Virtualization Host Extensions (VHE) support in tf-rmm
Closed this issue · 2 comments
We have a question about Virtualization Host Extensions (VHE), which force the host kernel to run in EL2 to reduce virtualization overhead. However, RMM is very similar to a Type 1 hypervisor, and RMM is already running in R-EL2. In your implementation, why do you enable VHE by setting HCR_EL2.E2H? What is the benefit of that? Meanwhile, we found that Hafnium also enables the VHE feature in S-EL2. We are considering enabling the VHE feature in virtCCA, but we are skeptical about whether VHE will improve performance.
Hi @XiangyiXuWashU ,
For RMM, the VHE is enabled mainly for the ability to split the Virtual Address space to High and Low VA spaces. This allows RMM to use the High VA for per CPU private mapping and the Low VA for the global mappings.

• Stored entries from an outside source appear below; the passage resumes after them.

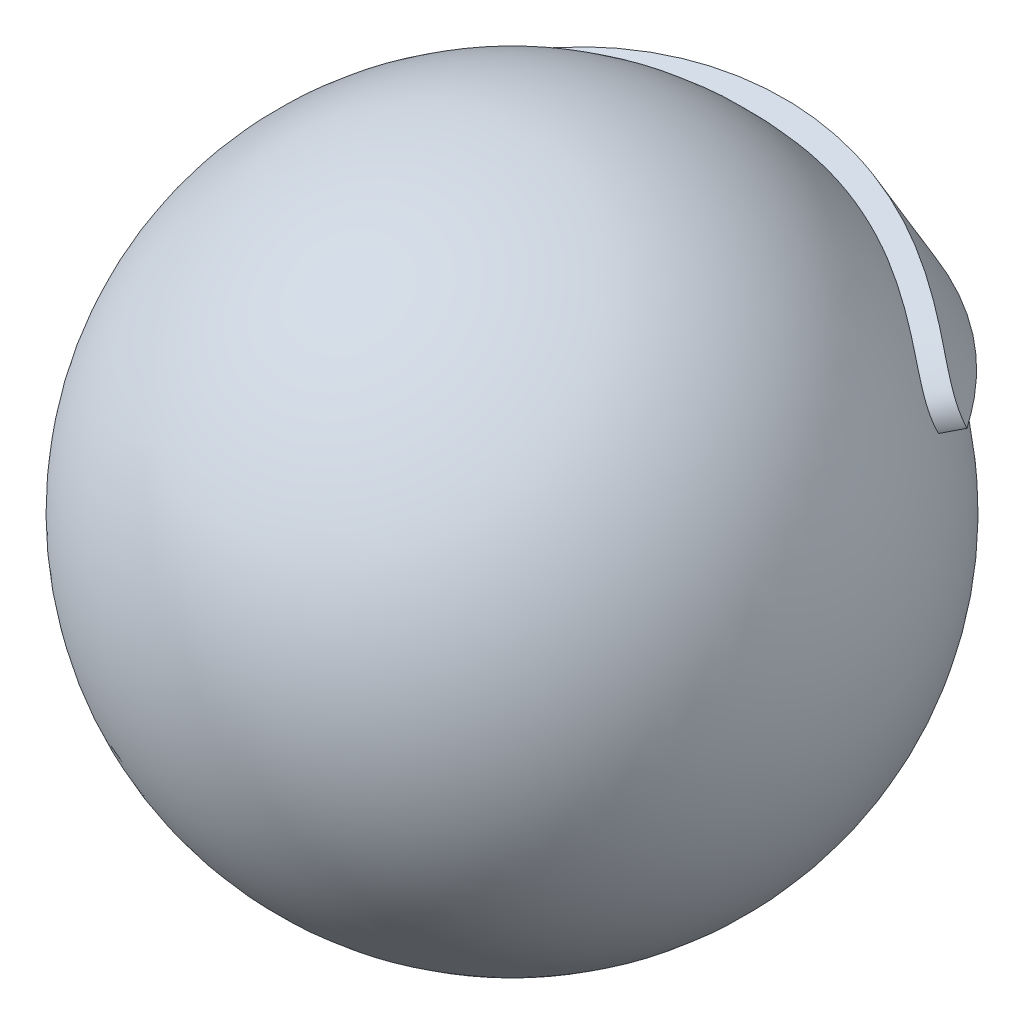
ISO-10303-21;
HEADER;
FILE_DESCRIPTION(('STEP AP214'),'2;1');
FILE_NAME('part.step','',(''),(''),'','','');
FILE_SCHEMA(('AUTOMOTIVE_DESIGN { 1 0 10303 214 1 1 1 1 }'));
ENDSEC;
DATA;
#1=APPLICATION_CONTEXT('core data for automotive mechanical design processes');
#2=APPLICATION_PROTOCOL_DEFINITION('international standard','automotive_design',2000,#1);
#3=PRODUCT_CONTEXT('',#1,'mechanical');
#4=PRODUCT('Part','Part','',(#3));
#5=PRODUCT_RELATED_PRODUCT_CATEGORY('part','',(#4));
#6=PRODUCT_DEFINITION_FORMATION('','',#4);
#7=PRODUCT_DEFINITION_CONTEXT('part definition',#1,'design');
#8=PRODUCT_DEFINITION('design','',#6,#7);
#9=PRODUCT_DEFINITION_SHAPE('','',#8);
#10=(LENGTH_UNIT() NAMED_UNIT(*) SI_UNIT(.MILLI.,.METRE.));
#11=(NAMED_UNIT(*) PLANE_ANGLE_UNIT() SI_UNIT($,.RADIAN.));
#12=(NAMED_UNIT(*) SI_UNIT($,.STERADIAN.) SOLID_ANGLE_UNIT());
#13=UNCERTAINTY_MEASURE_WITH_UNIT(LENGTH_MEASURE(1.E-05),#10,'distance_accuracy_value','');
#14=(GEOMETRIC_REPRESENTATION_CONTEXT(3) GLOBAL_UNCERTAINTY_ASSIGNED_CONTEXT((#13)) GLOBAL_UNIT_ASSIGNED_CONTEXT((#10,
#11,#12)) REPRESENTATION_CONTEXT('',''));
#15=CARTESIAN_POINT('',(0.,0.,0.));
#16=DIRECTION('',(0.,0.,1.));
#17=DIRECTION('',(1.,0.,0.));
#18=AXIS2_PLACEMENT_3D('',#15,#16,#17);
#19=CARTESIAN_POINT('',(0.,0.,0.));
#20=DIRECTION('',(0.,1.,0.));
#21=DIRECTION('',(1.,0.,0.));
#22=AXIS2_PLACEMENT_3D('',#19,#20,#21);
#23=SPHERICAL_SURFACE('',#22,15.);
#24=CARTESIAN_POINT('',(11.8503791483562,5.23710315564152,-7.55918412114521));
#25=CARTESIAN_POINT('',(11.8234220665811,5.23710315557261,-7.60144415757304));
#26=CARTESIAN_POINT('',(11.7962377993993,5.2371031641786,-7.64355926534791));
#27=CARTESIAN_POINT('',(11.7412553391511,5.23710319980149,-7.72774545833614));
#28=CARTESIAN_POINT('',(11.7134544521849,5.23710322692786,-7.76981478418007));
#29=CARTESIAN_POINT('',(11.6572362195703,5.23710330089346,-7.85389724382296));
#30=CARTESIAN_POINT('',(11.6288162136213,5.23710334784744,-7.8959085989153));
#31=CARTESIAN_POINT('',(11.5713571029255,5.23710346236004,-7.97986307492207));
#32=CARTESIAN_POINT('',(11.5423153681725,5.23710353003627,-8.02180439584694));
#33=CARTESIAN_POINT('',(11.4836101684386,5.23710368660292,-8.10560676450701));
#34=CARTESIAN_POINT('',(11.4539441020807,5.23710377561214,-8.14746598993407));
#35=CARTESIAN_POINT('',(11.3939876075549,5.23710397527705,-8.23109212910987));
#36=CARTESIAN_POINT('',(11.3636946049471,5.23710408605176,-8.27285719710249));
#37=CARTESIAN_POINT('',(11.302481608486,5.23710432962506,-8.35628298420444));
#38=CARTESIAN_POINT('',(11.2715590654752,5.23710446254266,-8.39794183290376));
#39=CARTESIAN_POINT('',(11.2090843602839,5.23710475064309,-8.48114314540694));
#40=CARTESIAN_POINT('',(11.1775296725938,5.23710490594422,-8.52268371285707));
#41=CARTESIAN_POINT('',(11.1137880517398,5.23710523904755,-8.60563642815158));
#42=CARTESIAN_POINT('',(11.0815986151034,5.23710541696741,-8.64704665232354));
#43=CARTESIAN_POINT('',(11.0165848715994,5.23710579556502,-8.72972664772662));
#44=CARTESIAN_POINT('',(10.9837580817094,5.23710599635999,-8.77099446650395));
#45=CARTESIAN_POINT('',(10.9174670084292,5.23710642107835,-8.85337761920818));
#46=CARTESIAN_POINT('',(10.8840002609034,5.23710664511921,-8.89449097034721));
#47=CARTESIAN_POINT('',(10.8164266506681,5.23710711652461,-8.97655315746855));
#48=CARTESIAN_POINT('',(10.782317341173,5.23710736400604,-9.0174999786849));
#49=CARTESIAN_POINT('',(10.7134559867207,5.23710788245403,-9.09921707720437));
#50=CARTESIAN_POINT('',(10.6787015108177,5.23710815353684,-9.13998530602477));
#51=CARTESIAN_POINT('',(10.6085472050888,5.2371087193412,-9.2213331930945));
#52=CARTESIAN_POINT('',(10.5731449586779,5.23710901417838,-9.26191076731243));
#53=CARTESIAN_POINT('',(10.5016924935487,5.23710962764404,-9.34286531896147));
#54=CARTESIAN_POINT('',(10.4656398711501,5.23710994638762,-9.38324017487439));
#55=CARTESIAN_POINT('',(10.3928840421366,5.23711060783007,-9.46377727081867));
#56=CARTESIAN_POINT('',(10.3561784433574,5.2371109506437,-9.50393734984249));
#57=CARTESIAN_POINT('',(10.2821140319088,5.23711166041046,-9.58403285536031));
#58=CARTESIAN_POINT('',(10.244752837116,5.23711202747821,-9.62396607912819));
#59=CARTESIAN_POINT('',(10.1693746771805,5.23711278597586,-9.70359591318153));
#60=CARTESIAN_POINT('',(10.1313553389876,5.23711317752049,-9.7432902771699));
#61=CARTESIAN_POINT('',(10.0546580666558,5.23711398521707,-9.82243015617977));
#62=CARTESIAN_POINT('',(10.0159777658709,5.23711440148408,-9.86187337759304));
#63=CARTESIAN_POINT('',(9.93795677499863,5.23711525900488,-9.94049976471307));
#64=CARTESIAN_POINT('',(9.89861372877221,5.23711570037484,-9.97968059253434));
#65=CARTESIAN_POINT('',(9.81926239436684,5.23711660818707,-10.0577650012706));
#66=CARTESIAN_POINT('',(9.77925175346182,5.23711707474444,-10.0966661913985));
#67=CARTESIAN_POINT('',(9.69856813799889,5.23711803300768,-10.1741765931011));
#68=CARTESIAN_POINT('',(9.65789286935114,5.23711852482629,-10.2127834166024));
#69=CARTESIAN_POINT('',(9.57588384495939,5.2371195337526,-10.2896907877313));
#70=CARTESIAN_POINT('',(9.53454785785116,5.23712005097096,-10.3279889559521));
#71=CARTESIAN_POINT('',(9.45122106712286,5.23712111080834,-10.4042645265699));
#72=CARTESIAN_POINT('',(9.40922809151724,5.2371216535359,-10.4422395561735));
#73=CARTESIAN_POINT('',(9.32459104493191,5.23712276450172,-10.5178544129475));
#74=CARTESIAN_POINT('',(9.28194485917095,5.23712333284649,-10.5554918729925));
#75=CARTESIAN_POINT('',(9.19600510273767,5.23712449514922,-10.6304171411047));
#76=CARTESIAN_POINT('',(9.15270947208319,5.23712508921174,-10.6677025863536));
#77=CARTESIAN_POINT('',(9.0654745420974,5.23712630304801,-10.7419093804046));
#78=CARTESIAN_POINT('',(9.02153323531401,5.23712692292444,-10.7788283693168));
#79=CARTESIAN_POINT('',(8.93301067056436,5.2371281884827,-10.8522878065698));
#80=CARTESIAN_POINT('',(8.8884274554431,5.23712883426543,-10.8888258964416));
#81=CARTESIAN_POINT('',(8.79862479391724,5.23713015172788,-10.9615090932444));
#82=CARTESIAN_POINT('',(8.75340343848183,5.23713082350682,-10.9976518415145));
#83=CARTESIAN_POINT('',(8.66232821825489,5.23713219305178,-11.0695299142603));
#84=CARTESIAN_POINT('',(8.61647249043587,5.23713289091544,-11.1052628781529));
#85=CARTESIAN_POINT('',(8.52413224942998,5.23713431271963,-11.1763069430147));
#86=CARTESIAN_POINT('',(8.47764591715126,5.23713503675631,-11.2116156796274));
#87=CARTESIAN_POINT('',(8.38404819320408,5.23713651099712,-11.2817968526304));
#88=CARTESIAN_POINT('',(8.33693502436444,5.23713726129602,-11.3166669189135));
#89=CARTESIAN_POINT('',(8.24208735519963,5.23713878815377,-11.3859563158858));
#90=CARTESIAN_POINT('',(8.19435111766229,5.23713956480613,-11.4203732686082));
#91=CARTESIAN_POINT('',(8.09826104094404,5.23714114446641,-11.4887420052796));
#92=CARTESIAN_POINT('',(8.0499055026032,5.23714194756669,-11.5226914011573));
#93=CARTESIAN_POINT('',(7.95258055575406,5.23714358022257,-11.5901105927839));
#94=CARTESIAN_POINT('',(7.90360948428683,5.23714440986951,-11.6235779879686));
#95=CARTESIAN_POINT('',(7.80505720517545,5.23714609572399,-11.6900187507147));
#96=CARTESIAN_POINT('',(7.75547436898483,5.23714695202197,-11.7229897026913));
#97=CARTESIAN_POINT('',(7.65570229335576,5.23714869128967,-11.7884231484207));
#98=CARTESIAN_POINT('',(7.60551145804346,5.23714957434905,-11.8208832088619));
#99=CARTESIAN_POINT('',(7.50452712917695,5.23715136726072,-11.8852804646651));
#100=CARTESIAN_POINT('',(7.45373207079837,5.23715227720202,-11.9172152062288));
#101=CARTESIAN_POINT('',(7.35154300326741,5.23715412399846,-11.9805473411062));
#102=CARTESIAN_POINT('',(7.30014745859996,5.23715506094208,-12.0119422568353));
#103=CARTESIAN_POINT('',(7.19676172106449,5.23715696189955,-12.07418028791));
#104=CARTESIAN_POINT('',(7.14477002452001,5.2371579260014,-12.1050209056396));
#105=CARTESIAN_POINT('',(7.04019815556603,5.23715988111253,-12.1661290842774));
#106=CARTESIAN_POINT('',(6.98761653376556,5.23716087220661,-12.1963941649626));
#107=CARTESIAN_POINT('',(6.88187752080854,5.23716288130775,-12.256339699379));
#108=CARTESIAN_POINT('',(6.82871875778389,5.23716389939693,-12.2860177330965));
#109=CARTESIAN_POINT('',(6.72183705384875,5.23716596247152,-12.3447764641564));
#110=CARTESIAN_POINT('',(6.66811281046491,5.2371670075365,-12.3738547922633));
#111=CARTESIAN_POINT('',(6.56011196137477,5.23716912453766,-12.4314017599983));
#112=CARTESIAN_POINT('',(6.50583412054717,5.23717019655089,-12.4598680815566));
#113=CARTESIAN_POINT('',(6.39673783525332,5.23717236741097,-12.5161785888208));
#114=CARTESIAN_POINT('',(6.3419182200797,5.23717346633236,-12.5440205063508));
#115=CARTESIAN_POINT('',(6.23175016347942,5.23717569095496,-12.5990697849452));
#116=CARTESIAN_POINT('',(6.17640061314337,5.23717681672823,-12.6262749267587));
#117=CARTESIAN_POINT('',(6.0651844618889,5.23717909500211,-12.6800382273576));
#118=CARTESIAN_POINT('',(6.00931681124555,5.2371802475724,-12.7065942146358));
#119=CARTESIAN_POINT('',(5.89707623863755,5.23718257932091,-12.7590467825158));
#120=CARTESIAN_POINT('',(5.84070232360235,5.23718375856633,-12.7849412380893));
#121=CARTESIAN_POINT('',(5.72746100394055,5.23718614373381,-12.8360583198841));
#122=CARTESIAN_POINT('',(5.67059266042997,5.23718734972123,-12.8612788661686));
#123=CARTESIAN_POINT('',(5.5563742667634,5.23718978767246,-12.9110357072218));
#124=CARTESIAN_POINT('',(5.49902332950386,5.23719101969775,-12.9355699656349));
#125=CARTESIAN_POINT('',(5.3838515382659,5.23719351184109,-12.9839418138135));
#126=CARTESIAN_POINT('',(5.32602984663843,5.23719477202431,-13.0077774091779));
#127=CARTESIAN_POINT('',(5.20992832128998,5.23719731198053,-13.0547395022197));
#128=CARTESIAN_POINT('',(5.15164769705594,5.23719859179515,-13.0778640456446));
#129=CARTESIAN_POINT('',(5.03464014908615,5.23720120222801,-13.1233916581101));
#130=CARTESIAN_POINT('',(4.97591247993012,5.23720253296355,-13.1457928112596));
#131=CARTESIAN_POINT('',(4.85802244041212,5.23720512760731,-13.1898610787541));
#132=CARTESIAN_POINT('',(4.79885936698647,5.23720639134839,-13.211526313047));
#133=CARTESIAN_POINT('',(4.69994021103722,5.23720880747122,-13.2469999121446));
#134=CARTESIAN_POINT('',(4.66026298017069,5.23720985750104,-13.2610284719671));
#135=CARTESIAN_POINT('',(4.60255755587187,5.23721087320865,-13.2811393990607));
#136=CARTESIAN_POINT('',(4.58457888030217,5.23721111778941,-13.287364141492));
#137=CARTESIAN_POINT('',(4.51254200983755,5.23721120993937,-13.3121400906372));
#138=CARTESIAN_POINT('',(4.45838162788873,5.23720927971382,-13.3303953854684));
#139=CARTESIAN_POINT('',(4.34973375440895,5.2372008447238,-13.366269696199));
#140=CARTESIAN_POINT('',(4.2952458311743,5.23719433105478,-13.383887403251));
#141=CARTESIAN_POINT('',(4.18595340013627,5.23718008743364,-13.4184831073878));
#142=CARTESIAN_POINT('',(4.13114848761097,5.23717235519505,-13.435459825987));
#143=CARTESIAN_POINT('',(4.00898558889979,5.23713940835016,-13.4724484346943));
#144=CARTESIAN_POINT('',(3.94157441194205,5.23711065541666,-13.4922850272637));
#145=CARTESIAN_POINT('',(3.85833152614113,5.23710389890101,-13.5161477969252));
#146=CARTESIAN_POINT('',(3.84262712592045,5.23710388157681,-13.5206220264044));
#147=CARTESIAN_POINT('',(3.81905765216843,5.23710353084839,-13.5272914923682));
#148=CARTESIAN_POINT('',(3.81119855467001,5.2371033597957,-13.5295077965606));
#149=CARTESIAN_POINT('',(3.79940680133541,5.23710322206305,-13.5328221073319));
#150=CARTESIAN_POINT('',(3.79547557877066,5.23710319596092,-13.5339252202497));
#151=CARTESIAN_POINT('',(3.78957795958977,5.23710316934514,-13.5355773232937));
#152=CARTESIAN_POINT('',(3.78761192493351,5.23710316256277,-13.5361276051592));
#153=CARTESIAN_POINT('',(3.78466267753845,5.23710315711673,-13.536952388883));
#154=CARTESIAN_POINT('',(3.78367955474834,5.23710315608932,-13.5372272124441));
#155=CARTESIAN_POINT('',(3.78257350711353,5.23710315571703,-13.5375362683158));
#156=CARTESIAN_POINT('',(3.78245061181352,5.23710315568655,-13.5375706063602));
#157=CARTESIAN_POINT('',(3.78220482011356,5.23710315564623,-13.5376392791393));
#158=CARTESIAN_POINT('',(3.78208192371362,5.23710315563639,-13.5376736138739));
#159=CARTESIAN_POINT('',(3.78171323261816,5.23710315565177,-13.5377766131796));
#160=CARTESIAN_POINT('',(3.7814674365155,5.23710315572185,-13.537845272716));
#161=CARTESIAN_POINT('',(3.78073004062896,5.23710315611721,-13.5380512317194));
#162=CARTESIAN_POINT('',(3.78023843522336,5.2371031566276,-13.5381885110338));
#163=CARTESIAN_POINT('',(3.74827796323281,5.23710320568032,-13.5471114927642));
#164=CARTESIAN_POINT('',(3.71677826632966,5.23710425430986,-13.555787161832));
#165=CARTESIAN_POINT('',(3.65089169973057,5.23710824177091,-13.5736861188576));
#166=CARTESIAN_POINT('',(3.61649922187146,5.23711134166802,-13.5828887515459));
#167=CARTESIAN_POINT('',(3.55327286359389,5.23711850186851,-13.5995488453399));
#168=CARTESIAN_POINT('',(3.52444935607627,5.23712232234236,-13.6070456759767));
#169=CARTESIAN_POINT('',(3.47291388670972,5.2371300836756,-13.6202748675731));
#170=CARTESIAN_POINT('',(3.45021089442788,5.23713382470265,-13.626042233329));
#171=CARTESIAN_POINT('',(3.37338031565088,5.23714725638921,-13.6453551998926));
#172=CARTESIAN_POINT('',(3.31918555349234,5.23715802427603,-13.6586349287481));
#173=CARTESIAN_POINT('',(3.21465443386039,5.23718028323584,-13.6835894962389));
#174=CARTESIAN_POINT('',(3.16432903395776,5.23719166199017,-13.6953104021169));
#175=CARTESIAN_POINT('',(3.0237837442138,5.23722358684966,-13.7272264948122));
#176=CARTESIAN_POINT('',(2.93342374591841,5.23724428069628,-13.7468093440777));
#177=CARTESIAN_POINT('',(2.78070045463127,5.23727764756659,-13.7783348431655));
#178=CARTESIAN_POINT('',(2.71843389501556,5.23729080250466,-13.7907491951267));
#179=CARTESIAN_POINT('',(2.60453259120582,5.23731381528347,-13.81265910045));
#180=CARTESIAN_POINT('',(2.55292348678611,5.23732384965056,-13.822287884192));
#181=CARTESIAN_POINT('',(2.46045470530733,5.23734060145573,-13.8390057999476));
#182=CARTESIAN_POINT('',(2.41961464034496,5.23734757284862,-13.8462034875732));
#183=CARTESIAN_POINT('',(2.36754050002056,5.23735507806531,-13.8551430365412));
#184=CARTESIAN_POINT('',(2.35633508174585,5.23735661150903,-13.8570526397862));
#185=CARTESIAN_POINT('',(2.30757685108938,5.23736303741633,-13.865301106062));
#186=CARTESIAN_POINT('',(2.27000044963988,5.23736735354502,-13.8715010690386));
#187=CARTESIAN_POINT('',(2.17595435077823,5.23737716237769,-13.8866275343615));
#188=CARTESIAN_POINT('',(2.11945389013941,5.23738216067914,-13.8953632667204));
#189=CARTESIAN_POINT('',(2.00630205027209,5.23739014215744,-13.9121547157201));
#190=CARTESIAN_POINT('',(1.94965058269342,5.23739312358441,-13.9202098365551));
#191=CARTESIAN_POINT('',(1.83620904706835,5.23739713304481,-13.9356367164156));
#192=CARTESIAN_POINT('',(1.77941890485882,5.23739815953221,-13.9430079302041));
#193=CARTESIAN_POINT('',(1.66571243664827,5.23739823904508,-13.9570634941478));
#194=CARTESIAN_POINT('',(1.60879604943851,5.23739729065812,-13.9637473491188));
#195=CARTESIAN_POINT('',(1.49484948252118,5.23739342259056,-13.9764247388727));
#196=CARTESIAN_POINT('',(1.43781925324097,5.2373905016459,-13.9824178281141));
#197=CARTESIAN_POINT('',(1.32365740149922,5.23738268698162,-13.9937102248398));
#198=CARTESIAN_POINT('',(1.2665257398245,5.23737779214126,-13.9990091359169));
#199=CARTESIAN_POINT('',(1.15217342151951,5.23736602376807,-14.0089097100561));
#200=CARTESIAN_POINT('',(1.09495273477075,5.23735914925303,-14.0135110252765));
#201=CARTESIAN_POINT('',(0.98043476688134,5.23734344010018,-14.0220129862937));
#202=CARTESIAN_POINT('',(0.923137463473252,5.23733460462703,-14.0259133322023));
#203=CARTESIAN_POINT('',(0.808478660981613,5.23731490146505,-14.0330097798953));
#204=CARTESIAN_POINT('',(0.751117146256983,5.23730403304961,-14.0362056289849));
#205=CARTESIAN_POINT('',(0.636342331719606,5.23728053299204,-14.0418900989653));
#206=CARTESIAN_POINT('',(0.578929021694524,5.2372679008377,-14.0443785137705));
#207=CARTESIAN_POINT('',(0.464062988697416,5.23723987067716,-14.0486429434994));
#208=CARTESIAN_POINT('',(0.406610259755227,5.23722447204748,-14.0504187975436));
#209=CARTESIAN_POINT('',(0.291677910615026,5.23719465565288,-14.0532611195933));
#210=CARTESIAN_POINT('',(0.2341982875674,5.23718023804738,-14.0543274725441));
#211=CARTESIAN_POINT('',(0.119224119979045,5.23713840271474,-14.0557232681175));
#212=CARTESIAN_POINT('',(0.0617295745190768,5.23711098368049,-14.0560526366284));
#213=CARTESIAN_POINT('',(0.00422381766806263,5.23710315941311,-14.0560567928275));
#214=CARTESIAN_POINT('',(0.00421186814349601,5.23710315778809,-14.0560567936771));
#215=CARTESIAN_POINT('',(0.00418796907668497,5.23710315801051,-14.0560568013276));
#216=CARTESIAN_POINT('',(0.00417601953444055,5.23710315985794,-14.0560568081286));
#217=CARTESIAN_POINT('',(0.00414017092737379,5.23710316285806,-14.0560568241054));
#218=CARTESIAN_POINT('',(0.00411627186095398,5.23710316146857,-14.0560568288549));
#219=CARTESIAN_POINT('',(0.00404457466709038,5.23710315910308,-14.0560568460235));
#220=CARTESIAN_POINT('',(0.0039967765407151,5.23710315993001,-14.0560568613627));
#221=CARTESIAN_POINT('',(0.00385338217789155,5.2371031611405,-14.0560569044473));
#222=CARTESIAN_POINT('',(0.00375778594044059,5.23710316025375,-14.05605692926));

The private mapping allows RMM to isolate any mappings specific to the Realm to the particular CPU. For more details on how the 2 VA spaces are used, refer here : https://tf-rmm.readthedocs.io/en/latest/design/memory-management.html#rmm-stage-1-translation-regime
This design gives better security properties. Also we have some plans to utilize EL0 of the EL2&0 translation regime to run some parts of RMM at a lower privilege level. So we are seeing this as a capability to enhance security and isolation properties in RMM. I am not sure whether enabling E2H gives any additional performance for the RMM specific scenario.
Please feel free to reopen if you have more questions on this topic.